Give back an exact copy of the lines in the records below, from the line that has "# Drawn here: x" through the line that has "layer by layer", and nothing besides.

— Data excerpts —
**********
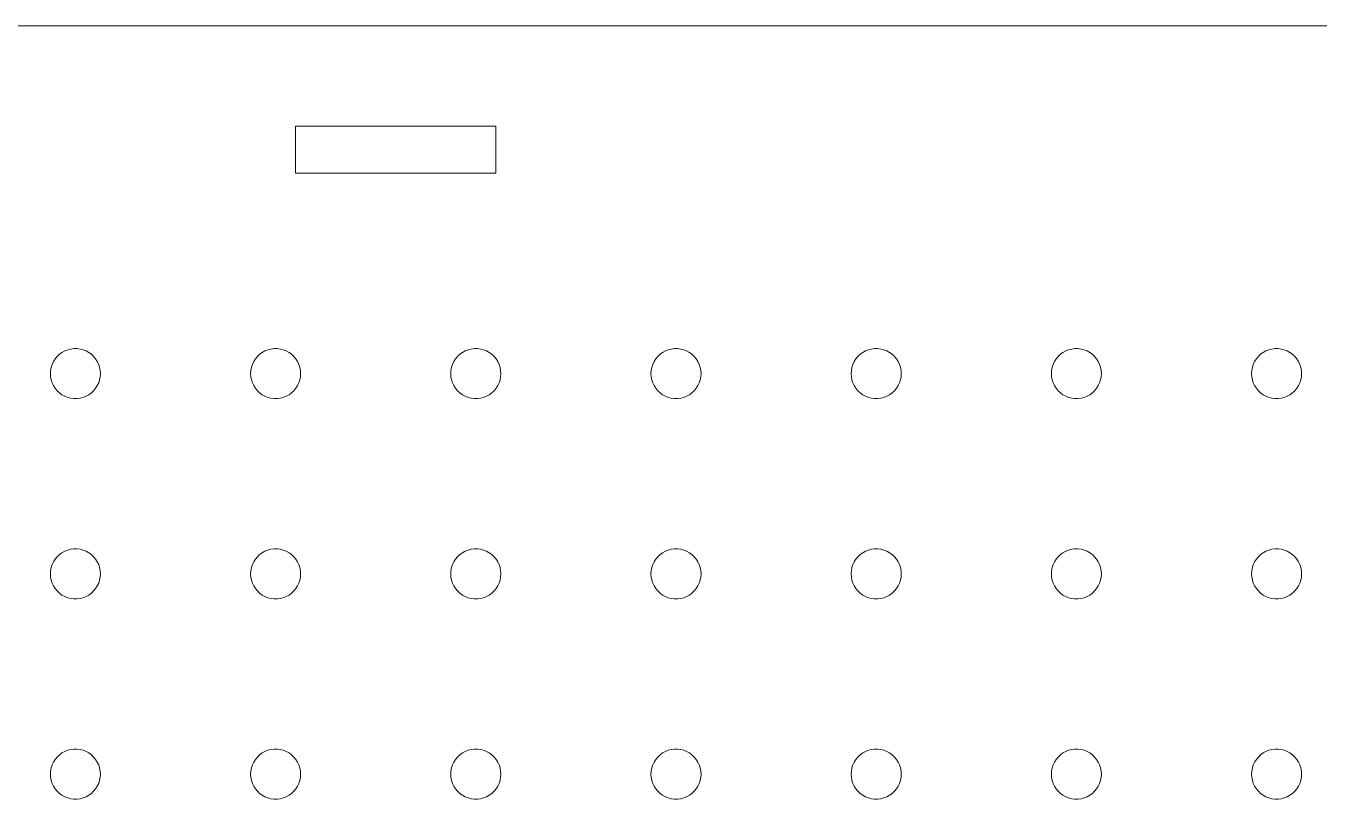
# Model space of a CAD drawing. Header units: millimetres. Extents: x -349 to 349, y -196 to 240.
# Drawn here: x 19.1 to 183.2, y 98.4 to 196.5 of the extents above; entities that cross this region are included whole.
import ezdxf

# ---------------------------------------------------------------- set-up
doc = ezdxf.new("R2010")
doc.units = ezdxf.units.MM
doc.layers.get('0').update_dxf_attribs({"linetype": 'CONTINUOUS', "lineweight": 0})

msp = doc.modelspace()

# ---------------------------------------------------------------- linework, layer by layer
for p, q in [((-342.55, 196.5), (342.55, 196.5)), ((53.34, 177.8), (53.34, 183.8)), ((53.34, 183.8), (78.74, 183.8)), ((78.74, 183.8), (78.74, 177.8)), ((78.74, 177.8), (53.34, 177.8)), ((22.618, 153.93), (22.831, 154.266)), ((22.831, 154.266), (23.086, 154.573)), ((23.086, 154.573), (23.376, 154.846)), ((23.376, 154.846), (23.699, 155.081)), ((23.699, 155.081), (24.048, 155.273)), ((24.048, 155.273), (24.419, 155.42)), ((24.419, 155.42), (24.805, 155.519)), ((24.805, 155.519), (25.201, 155.569)), ((25.201, 155.569), (25.599, 155.569)), ((25.599, 155.569), (25.995, 155.519)), ((25.995, 155.519), (26.381, 155.42)), ((26.381, 155.42), (26.752, 155.273)), ((26.752, 155.273), (27.101, 155.081)), ((27.101, 155.081), (27.424, 154.846)), ((27.424, 154.846), (27.714, 154.573)), ((27.714, 154.573), (27.969, 154.266)), ((27.969, 154.266), (28.182, 153.93)), ((48.018, 153.93), (48.231, 154.266)), ((48.231, 154.266), (48.486, 154.573)), ((48.486, 154.573), (48.776, 154.846)), ((48.776, 154.846), (49.099, 155.081)), ((49.099, 155.081), (49.448, 155.273)), ((49.448, 155.273), (49.819, 155.42)), ((49.819, 155.42), (50.205, 155.519)), ((50.205, 155.519), (50.601, 155.569)), ((50.601, 155.569), (50.999, 155.569)), ((50.999, 155.569), (51.395, 155.519)), ((51.395, 155.519), (51.781, 155.42)), ((51.781, 155.42), (52.152, 155.273)), ((52.152, 155.273), (52.501, 155.081)), ((52.501, 155.081), (52.824, 154.846)), ((52.824, 154.846), (53.114, 154.573)), ((53.114, 154.573), (53.369, 154.266)), ((53.369, 154.266), (53.582, 153.93)), ((73.418, 153.93), (73.631, 154.266)), ((73.631, 154.266), (73.886, 154.573)), ((73.886, 154.573), (74.176, 154.846)), ((74.176, 154.846), (74.499, 155.081)), ((74.499, 155.081), (74.848, 155.273)), ((74.848, 155.273), (75.219, 155.42)), ((75.219, 155.42), (75.605, 155.519)), ((75.605, 155.519), (76.001, 155.569)), ((76.001, 155.569), (76.399, 155.569)), ((76.399, 155.569), (76.795, 155.519)), ((76.795, 155.519), (77.181, 155.42)), ((77.181, 155.42), (77.552, 155.273)), ((77.552, 155.273), (77.901, 155.081)), ((77.901, 155.081), (78.224, 154.846)), ((78.224, 154.846), (78.514, 154.573)), ((78.514, 154.573), (78.769, 154.266)), ((78.769, 154.266), (78.982, 153.93)), ((98.818, 153.93), (99.031, 154.266)), ((99.031, 154.266), (99.286, 154.573)), ((99.286, 154.573), (99.576, 154.846)), ((99.576, 154.846), (99.899, 155.081)), ((99.899, 155.081), (100.248, 155.273)), ((100.248, 155.273), (100.619, 155.42)), ((100.619, 155.42), (101.005, 155.519)), ((101.005, 155.519), (101.401, 155.569)), ((101.401, 155.569), (101.799, 155.569)), ((101.799, 155.569), (102.195, 155.519)), ((102.195, 155.519), (102.581, 155.42)), ((102.581, 155.42), (102.952, 155.273)), ((102.952, 155.273), (103.301, 155.081)), ((103.301, 155.081), (103.624, 154.846)), ((103.624, 154.846), (103.914, 154.573)), ((103.914, 154.573), (104.169, 154.266)), ((104.169, 154.266), (104.382, 153.93)), ((124.218, 153.93), (124.431, 154.266)), ((124.431, 154.266), (124.686, 154.573)), ((124.686, 154.573), (124.976, 154.846)), ((124.976, 154.846), (125.299, 155.081)), ((125.299, 155.081), (125.648, 155.273)), ((125.648, 155.273), (126.019, 155.42)), ((126.019, 155.42), (126.405, 155.519)), ((126.405, 155.519), (126.801, 155.569)), ((126.801, 155.569), (127.199, 155.569)), ((127.199, 155.569), (127.595, 155.519)), ((127.595, 155.519), (127.981, 155.42)), ((127.981, 155.42), (128.352, 155.273)), ((128.352, 155.273), (128.701, 155.081)), ((128.701, 155.081), (129.024, 154.846)), ((129.024, 154.846), (129.314, 154.573)), ((129.314, 154.573), (129.569, 154.266)), ((129.569, 154.266), (129.782, 153.93)), ((149.618, 153.93), (149.831, 154.266)), ((149.831, 154.266), (150.086, 154.573)), ((150.086, 154.573), (150.376, 154.846)), ((150.376, 154.846), (150.699, 155.081)), ((150.699, 155.081), (151.048, 155.273)), ((151.048, 155.273), (151.419, 155.42)), ((151.419, 155.42), (151.805, 155.519)), ((151.805, 155.519), (152.201, 155.569)), ((152.201, 155.569), (152.599, 155.569)), ((152.599, 155.569), (152.995, 155.519)), ((152.995, 155.519), (153.381, 155.42)), ((153.381, 155.42), (153.752, 155.273)), ((153.752, 155.273), (154.101, 155.081)), ((154.101, 155.081), (154.424, 154.846)), ((154.424, 154.846), (154.714, 154.573)), ((154.714, 154.573), (154.969, 154.266)), ((154.969, 154.266), (155.182, 153.93)), ((175.018, 153.93), (175.231, 154.266)), ((175.231, 154.266), (175.486, 154.573)), ((175.486, 154.573), (175.776, 154.846)), ((175.776, 154.846), (176.099, 155.081)), ((176.099, 155.081), (176.448, 155.273)), ((176.448, 155.273), (176.819, 155.42)), ((176.819, 155.42), (177.205, 155.519)), ((177.205, 155.519), (177.601, 155.569)), ((177.601, 155.569), (177.999, 155.569)), ((177.999, 155.569), (178.395, 155.519)), ((178.395, 155.519), (178.781, 155.42)), ((178.781, 155.42), (179.152, 155.273)), ((179.152, 155.273), (179.501, 155.081)), ((179.501, 155.081), (179.824, 154.846)), ((179.824, 154.846), (180.114, 154.573)), ((180.114, 154.573), (180.369, 154.266)), ((180.369, 154.266), (180.582, 153.93)), ((22.225, 152.4), (22.25, 152.798)), ((22.25, 152.798), (22.325, 153.19)), ((22.325, 153.19), (22.448, 153.569)), ((22.448, 153.569), (22.618, 153.93)), ((28.182, 153.93), (28.352, 153.569)), ((28.352, 153.569), (28.475, 153.19)), ((28.475, 153.19), (28.55, 152.798)), ((28.55, 152.798), (28.575, 152.4)), ((47.625, 152.4), (47.65, 152.798)), ((47.65, 152.798), (47.725, 153.19)), ((47.725, 153.19), (47.848, 153.569)), ((47.848, 153.569), (48.018, 153.93)), ((53.582, 153.93), (53.752, 153.569)), ((53.752, 153.569), (53.875, 153.19)), ((53.875, 153.19), (53.95, 152.798)), ((53.95, 152.798), (53.975, 152.4)), ((73.025, 152.4), (73.05, 152.798)), ((73.05, 152.798), (73.125, 153.19)), ((73.125, 153.19), (73.248, 153.569)), ((73.248, 153.569), (73.418, 153.93)), ((78.982, 153.93), (79.152, 153.569)), ((79.152, 153.569), (79.275, 153.19)), ((79.275, 153.19), (79.35, 152.798)), ((79.35, 152.798), (79.375, 152.4)), ((98.425, 152.4), (98.45, 152.798)), ((98.45, 152.798), (98.525, 153.19)), ((98.525, 153.19), (98.648, 153.569)), ((98.648, 153.569), (98.818, 153.93)), ((104.382, 153.93), (104.552, 153.569)), ((104.552, 153.569), (104.675, 153.19)), ((104.675, 153.19), (104.75, 152.798)), ((104.75, 152.798), (104.775, 152.4)), ((123.825, 152.4), (123.85, 152.798)), ((123.85, 152.798), (123.925, 153.19)), ((123.925, 153.19), (124.048, 153.569)), ((124.048, 153.569), (124.218, 153.93)), ((129.782, 153.93), (129.952, 153.569)), ((129.952, 153.569), (130.075, 153.19)), ((130.075, 153.19), (130.15, 152.798)), ((130.15, 152.798), (130.175, 152.4)), ((149.225, 152.4), (149.25, 152.798)), ((149.25, 152.798), (149.325, 153.19)), ((149.325, 153.19), (149.448, 153.569)), ((149.448, 153.569), (149.618, 153.93)), ((155.182, 153.93), (155.352, 153.569)), ((155.352, 153.569), (155.475, 153.19)), ((155.475, 153.19), (155.55, 152.798)), ((155.55, 152.798), (155.575, 152.4)), ((174.625, 152.4), (174.65, 152.798)), ((174.65, 152.798), (174.725, 153.19)), ((174.725, 153.19), (174.848, 153.569)), ((174.848, 153.569), (175.018, 153.93)), ((180.582, 153.93), (180.752, 153.569)), ((180.752, 153.569), (180.875, 153.19)), ((180.875, 153.19), (180.95, 152.798)), ((180.95, 152.798), (180.975, 152.4)), ((22.25, 152.002), (22.225, 152.4)), ((22.325, 151.61), (22.25, 152.002)), ((22.448, 151.231), (22.325, 151.61)), ((22.618, 150.87), (22.448, 151.231)), ((28.352, 151.231), (28.182, 150.87)), ((28.475, 151.61), (28.352, 151.231)), ((28.55, 152.002), (28.475, 151.61)), ((28.575, 152.4), (28.55, 152.002)), ((47.65, 152.002), (47.625, 152.4)), ((47.725, 151.61), (47.65, 152.002)), ((47.848, 151.231), (47.725, 151.61)), ((48.018, 150.87), (47.848, 151.231)), ((53.752, 151.231), (53.582, 150.87)), ((53.875, 151.61), (53.752, 151.231)), ((53.95, 152.002), (53.875, 151.61)), ((53.975, 152.4), (53.95, 152.002)), ((73.05, 152.002), (73.025, 152.4)), ((73.125, 151.61), (73.05, 152.002)), ((73.248, 151.231), (73.125, 151.61)), ((73.418, 150.87), (73.248, 151.231)), ((79.152, 151.231), (78.982, 150.87)), ((79.275, 151.61), (79.152, 151.231)), ((79.35, 152.002), (79.275, 151.61)), ((79.375, 152.4), (79.35, 152.002)), ((98.45, 152.002), (98.425, 152.4)), ((98.525, 151.61), (98.45, 152.002)), ((98.648, 151.231), (98.525, 151.61)), ((98.818, 150.87), (98.648, 151.231)), ((104.552, 151.231), (104.382, 150.87)), ((104.675, 151.61), (104.552, 151.231)), ((104.75, 152.002), (104.675, 151.61)), ((104.775, 152.4), (104.75, 152.002)), ((123.85, 152.002), (123.825, 152.4)), ((123.925, 151.61), (123.85, 152.002)), ((124.048, 151.231), (123.925, 151.61)), ((124.218, 150.87), (124.048, 151.231)), ((129.952, 151.231), (129.782, 150.87)), ((130.075, 151.61), (129.952, 151.231)), ((130.15, 152.002), (130.075, 151.61)), ((130.175, 152.4), (130.15, 152.002)), ((149.25, 152.002), (149.225, 152.4)), ((149.325, 151.61), (149.25, 152.002)), ((149.448, 151.231), (149.325, 151.61)), ((149.618, 150.87), (149.448, 151.231)), ((155.352, 151.231), (155.182, 150.87)), ((155.475, 151.61), (155.352, 151.231)), ((155.55, 152.002), (155.475, 151.61)), ((155.575, 152.4), (155.55, 152.002)), ((174.65, 152.002), (174.625, 152.4)), ((174.725, 151.61), (174.65, 152.002)), ((174.848, 151.231), (174.725, 151.61)), ((175.018, 150.87), (174.848, 151.231)), ((180.752, 151.231), (180.582, 150.87)), ((180.875, 151.61), (180.752, 151.231)), ((180.95, 152.002), (180.875, 151.61)), ((180.975, 152.4), (180.95, 152.002)), ((22.831, 150.534), (22.618, 150.87)), ((23.086, 150.227), (22.831, 150.534)), ((23.376, 149.954), (23.086, 150.227)), ((23.699, 149.719), (23.376, 149.954)), ((24.048, 149.527), (23.699, 149.719)), ((24.419, 149.38), (24.048, 149.527)), ((24.805, 149.281), (24.419, 149.38)), ((26.381, 149.38), (25.995, 149.281)), ((26.752, 149.527), (26.381, 149.38)), ((27.101, 149.719), (26.752, 149.527)), ((27.424, 149.954), (27.101, 149.719)), ((27.714, 150.227), (27.424, 149.954)), ((27.969, 150.534), (27.714, 150.227)), ((28.182, 150.87), (27.969, 150.534)), ((48.231, 150.534), (48.018, 150.87)), ((48.486, 150.227), (48.231, 150.534)), ((48.776, 149.954), (48.486, 150.227)), ((49.099, 149.719), (48.776, 149.954)), ((49.448, 149.527), (49.099, 149.719)), ((49.819, 149.38), (49.448, 149.527)), ((50.205, 149.281), (49.819, 149.38)), ((51.781, 149.38), (51.395, 149.281)), ((52.152, 149.527), (51.781, 149.38)), ((52.501, 149.719), (52.152, 149.527)), ((52.824, 149.954), (52.501, 149.719)), ((53.114, 150.227), (52.824, 149.954)), ((53.369, 150.534), (53.114, 150.227)), ((53.582, 150.87), (53.369, 150.534)), ((73.631, 150.534), (73.418, 150.87)), ((73.886, 150.227), (73.631, 150.534)), ((74.176, 149.954), (73.886, 150.227)), ((74.499, 149.719), (74.176, 149.954)), ((74.848, 149.527), (74.499, 149.719)), ((75.219, 149.38), (74.848, 149.527)), ((75.605, 149.281), (75.219, 149.38)), ((77.181, 149.38), (76.795, 149.281)), ((77.552, 149.527), (77.181, 149.38)), ((77.901, 149.719), (77.552, 149.527)), ((78.224, 149.954), (77.901, 149.719)), ((78.514, 150.227), (78.224, 149.954)), ((78.769, 150.534), (78.514, 150.227)), ((78.982, 150.87), (78.769, 150.534)), ((99.031, 150.534), (98.818, 150.87)), ((99.286, 150.227), (99.031, 150.534)), ((99.576, 149.954), (99.286, 150.227)), ((99.899, 149.719), (99.576, 149.954)), ((100.248, 149.527), (99.899, 149.719)), ((100.619, 149.38), (100.248, 149.527)), ((101.005, 149.281), (100.619, 149.38)), ((102.581, 149.38), (102.195, 149.281)), ((102.952, 149.527), (102.581, 149.38)), ((103.301, 149.719), (102.952, 149.527)), ((103.624, 149.954), (103.301, 149.719)), ((103.914, 150.227), (103.624, 149.954)), ((104.169, 150.534), (103.914, 150.227)), ((104.382, 150.87), (104.169, 150.534)), ((124.431, 150.534), (124.218, 150.87)), ((124.686, 150.227), (124.431, 150.534)), ((124.976, 149.954), (124.686, 150.227)), ((125.299, 149.719), (124.976, 149.954)), ((125.648, 149.527), (125.299, 149.719)), ((126.019, 149.38), (125.648, 149.527)), ((126.405, 149.281), (126.019, 149.38)), ((127.981, 149.38), (127.595, 149.281)), ((128.352, 149.527), (127.981, 149.38)), ((128.701, 149.719), (128.352, 149.527)), ((129.024, 149.954), (128.701, 149.719)), ((129.314, 150.227), (129.024, 149.954)), ((129.569, 150.534), (129.314, 150.227)), ((129.782, 150.87), (129.569, 150.534)), ((149.831, 150.534), (149.618, 150.87)), ((150.086, 150.227), (149.831, 150.534)), ((150.376, 149.954), (150.086, 150.227)), ((150.699, 149.719), (150.376, 149.954)), ((151.048, 149.527), (150.699, 149.719)), ((151.419, 149.38), (151.048, 149.527)), ((151.805, 149.281), (151.419, 149.38)), ((153.381, 149.38), (152.995, 149.281)), ((153.752, 149.527), (153.381, 149.38)), ((154.101, 149.719), (153.752, 149.527)), ((154.424, 149.954), (154.101, 149.719)), ((154.714, 150.227), (154.424, 149.954)), ((154.969, 150.534), (154.714, 150.227)), ((155.182, 150.87), (154.969, 150.534)), ((175.231, 150.534), (175.018, 150.87)), ((175.486, 150.227), (175.231, 150.534)), ((175.776, 149.954), (175.486, 150.227)), ((176.099, 149.719), (175.776, 149.954)), ((176.448, 149.527), (176.099, 149.719)), ((176.819, 149.38), (176.448, 149.527)), ((177.205, 149.281), (176.819, 149.38)), ((178.781, 149.38), (178.395, 149.281)), ((179.152, 149.527), (178.781, 149.38)), ((179.501, 149.719), (179.152, 149.527)), ((179.824, 149.954), (179.501, 149.719)), ((180.114, 150.227), (179.824, 149.954)), ((180.369, 150.534), (180.114, 150.227)), ((180.582, 150.87), (180.369, 150.534)), ((25.201, 149.231), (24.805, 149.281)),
**********
— Reply to the task —
# Drawn here: x 19.1 to 183.2, y 98.4 to 196.5 of the extents above; entities that cross this region are included whole.
import ezdxf

# ---------------------------------------------------------------- set-up
doc = ezdxf.new("R2010")
doc.units = ezdxf.units.MM
doc.layers.get('0').update_dxf_attribs({"linetype": 'CONTINUOUS', "lineweight": 0})

msp = doc.modelspace()

# ---------------------------------------------------------------- linework, layer by layer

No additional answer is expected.